The conclusions of a pioneering survey from the University of Minnesota's Food Industry Center and Louisiana State University's AgCenter should come as a surprise to no one.
The deadly salmonella outbreak tied to peanut butter made at a filthy Georgia processing plant has caused consumer confidence in the food supply to plummet. Just one in five Americans now believe the food supply is safer than it was a year ago, according to findings from the latest Continuous Consumer Food Safety/Defense Tracking Study (CFST). The study, funded by the National Center for Food Protection and Defense at the U, provides a valuable ongoing look at consumer concerns, expectations and perceptions. It's updated weekly -- unlike other surveys that swoop in occasionally on food issues.
Consumer confidence dipped last year with the outbreak of salmonella first linked to tomatoes but later tied to peppers. Confidence rebounded, the CFST found, only to nosedive to a new low with the peanut butter salmonella outbreak that has sickened at least 500 and killed eight people, three of whom were Minnesotans. The findings should give the industry some food for thought. It's hard evidence that the peanut butter outbreak isn't simply the problem of one Georgia company. It has damaged the reputation of the entire food industry. Action is needed, lest the precipitous drop in peanut butter sales plague other products.
Recent developments in the peanut butter outbreak have pointed to critical areas for industry improvement. A New York Times story published earlier this month suggested major problems with the independent safety audit systems that the industry uses. Basically, companies providing audit services act as private inspectors. The president of the company that inspected the Georgia peanut plant -- AIB International -- told the paper that one of its inspectors gave the plant a "superior" rating. Another inspector said the plant met or exceeded expectations. Investigators since have documented slime, mold and roaches at the plant and ongoing problems with salmonella; the plant may have knowingly shipped product that tested positive for the bacteria. Minnesota Sen. Amy Klobuchar recently called for criminal prosecution of the plant's owners, and she's entirely correct. At the same time, the entire food industry needs to rapidly evaluate what went wrong with the auditing system and make changes so it doesn't happen again. Making audit reports public is one potential solution to improve accountability.

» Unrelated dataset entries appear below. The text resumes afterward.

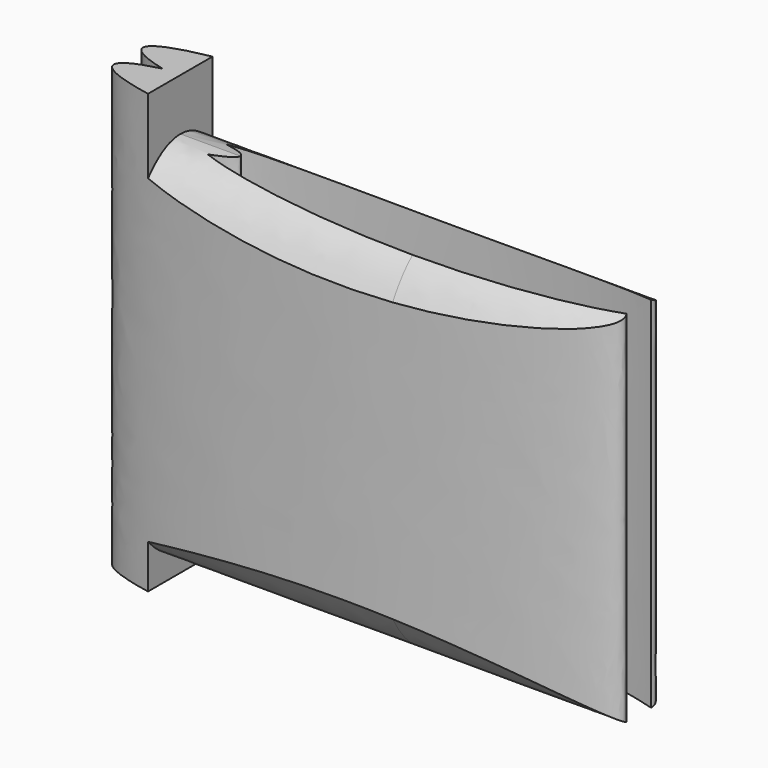
from build123d import *

# Parameters (mm, degrees)
F1_DEPTH = 60
F3_W     = 77.2900707926
F3_H     = 78.8167894955
F4_DEPTH = 35


# Not quite as in the source:
# - a feature names something its author has since deleted; it is built from what else it names


with BuildPart() as f1:
    # F0 (on Top) → F1 (new body)
    with BuildSketch(Plane.XY):
        with BuildLine():
            add(Edge.make_bspline(
                [(-30.0608685873, -1.5203571292), (-5.6405426455, -8.834452637), (27.7624027295, -2.0795957538)],
                knots=[0.3898928212, 0.3898928212, 0.3898928212, 2.5948600146, 2.5948600146, 2.5948600146], degree=2, weights=[1, 0.4513813251, 1]))
            add(Edge.make_bspline(
                [(-30.0608685873, -1.5203571292), (-29.7258919475, -1.444990307), (-29.4243618349, -1.3685535103)],
                knots=[5.9128696013, 5.9128696013, 5.9128696013, 5.9513550051, 5.9513550051, 5.9513550051], degree=2, weights=[1, 0.9998148649, 1]))
            add(Edge.make_bspline(
                [(-29.4243618349, -1.3685535103), (-24.0778942029, -0.013243237), (-29.331680365, 1.3448295191)],
                knots=[5.9513550051, 5.9513550051, 5.9513550051, 6.6090485374, 6.6090485374, 6.6090485374], degree=2, weights=[1, 0.9464154117, 1]))
            add(Edge.make_bspline(
                [(-29.331680365, 1.3448295191), (-29.6739386423, 1.4333012665), (-30.0608685873, 1.5203571292)],
                knots=[0.3258632302, 0.3258632302, 0.3258632302, 0.3703157059, 0.3703157059, 0.3703157059], degree=2, weights=[1, 0.9997530073, 1]))
            add(Edge.make_bspline(
                [(27.7807547125, 2.0758800074), (-5.6075522439, 8.8443335431), (-30.0608685873, 1.5203571292)],
                knots=[3.6872381942, 3.6872381942, 3.6872381942, 5.893292486, 5.893292486, 5.893292486], degree=2, weights=[1, 0.4508962326, 1]))
            add(Edge.make_bspline(
                [(27.7807547125, 2.0758800074), (31.6525304456, 8.8517261101), (-14.7779584398, 7.3609874961), (-61.2084473252, 5.8702488821), (-37.4141041042, -0.0173241738)],
                knots=[3.0601434644, 3.0601434644, 3.0601434644, 4.9334637736, 4.9334637736, 6.8067840828, 6.8067840828, 6.8067840828], degree=2, weights=[1, 0.5924818498, 1, 0.5924818498, 1]))
            add(Edge.make_bspline(
                [(-37.4141041042, -0.0173241738), (-61.2859911602, -5.9240843529), (-14.6719135348, -7.3990159224), (31.9421640907, -8.8739474918), (27.7624027295, -2.0795957538)],
                knots=[5.7595865316, 5.7595865316, 5.7595865316, 7.6360111962, 7.6360111962, 9.5124358608, 9.5124358608, 9.5124358608], degree=2, weights=[1, 0.5912307274, 1, 0.5912307274, 1]))
        make_face()
    extrude(amount=F1_DEPTH)

    # F3 (on Right) → F4 (cut, symmetric)
    with BuildSketch(Plane.YZ):
        with Locations((-5.2480897923, 25.6679380407)):
            Rectangle(F3_W, F3_H)
        with BuildLine():
            add(Edge.make_bspline(
                [(0, 52.9021002352), (-19.8873601783, 52.9021002352), (-9.9436800891, 15.4021002352), (0, -22.0978997648), (9.9436800891, 15.4021002352), (19.8873601783, 52.9021002352), (0, 52.9021002352)],
                knots=[0, 0, 0, 2.0943951024, 2.0943951024, 4.1887902048, 4.1887902048, 6.2831853072, 6.2831853072, 6.2831853072], degree=2, weights=[1, 0.5, 1, 0.5, 1, 0.5, 1]))
        make_face(mode=Mode.SUBTRACT)
    extrude(amount=F4_DEPTH, both=True, mode=Mode.SUBTRACT)


solid = f1.part

Another area that needs to be addressed is traceability. One reason that the peanut butter recall seems never-ending is that it's difficult to trace where commodity foods -- like large tubs of peanut butter used as ingredients in other foods -- have gone. Ideally, food safety officials would have issued one list of all affected foods and had stores and consumers clear them from shelves and pantries. They couldn't do that under the current system. Instead, officials have issued multiple updates as they've gone through the slow, laborious process of tracking the product's distribution. That's kept peanut butter recalls in the news, reinforcing consumers' negative attitudes about food safety. As the CFST data shows, the industry as a whole has a business interest in being able to quickly announce a complete, comprehensive list of affected foods. More important, there's a critical public health advantage to this. Quickly identifying dangerous products and pulling them from shelves saves lives. The industry has to do better.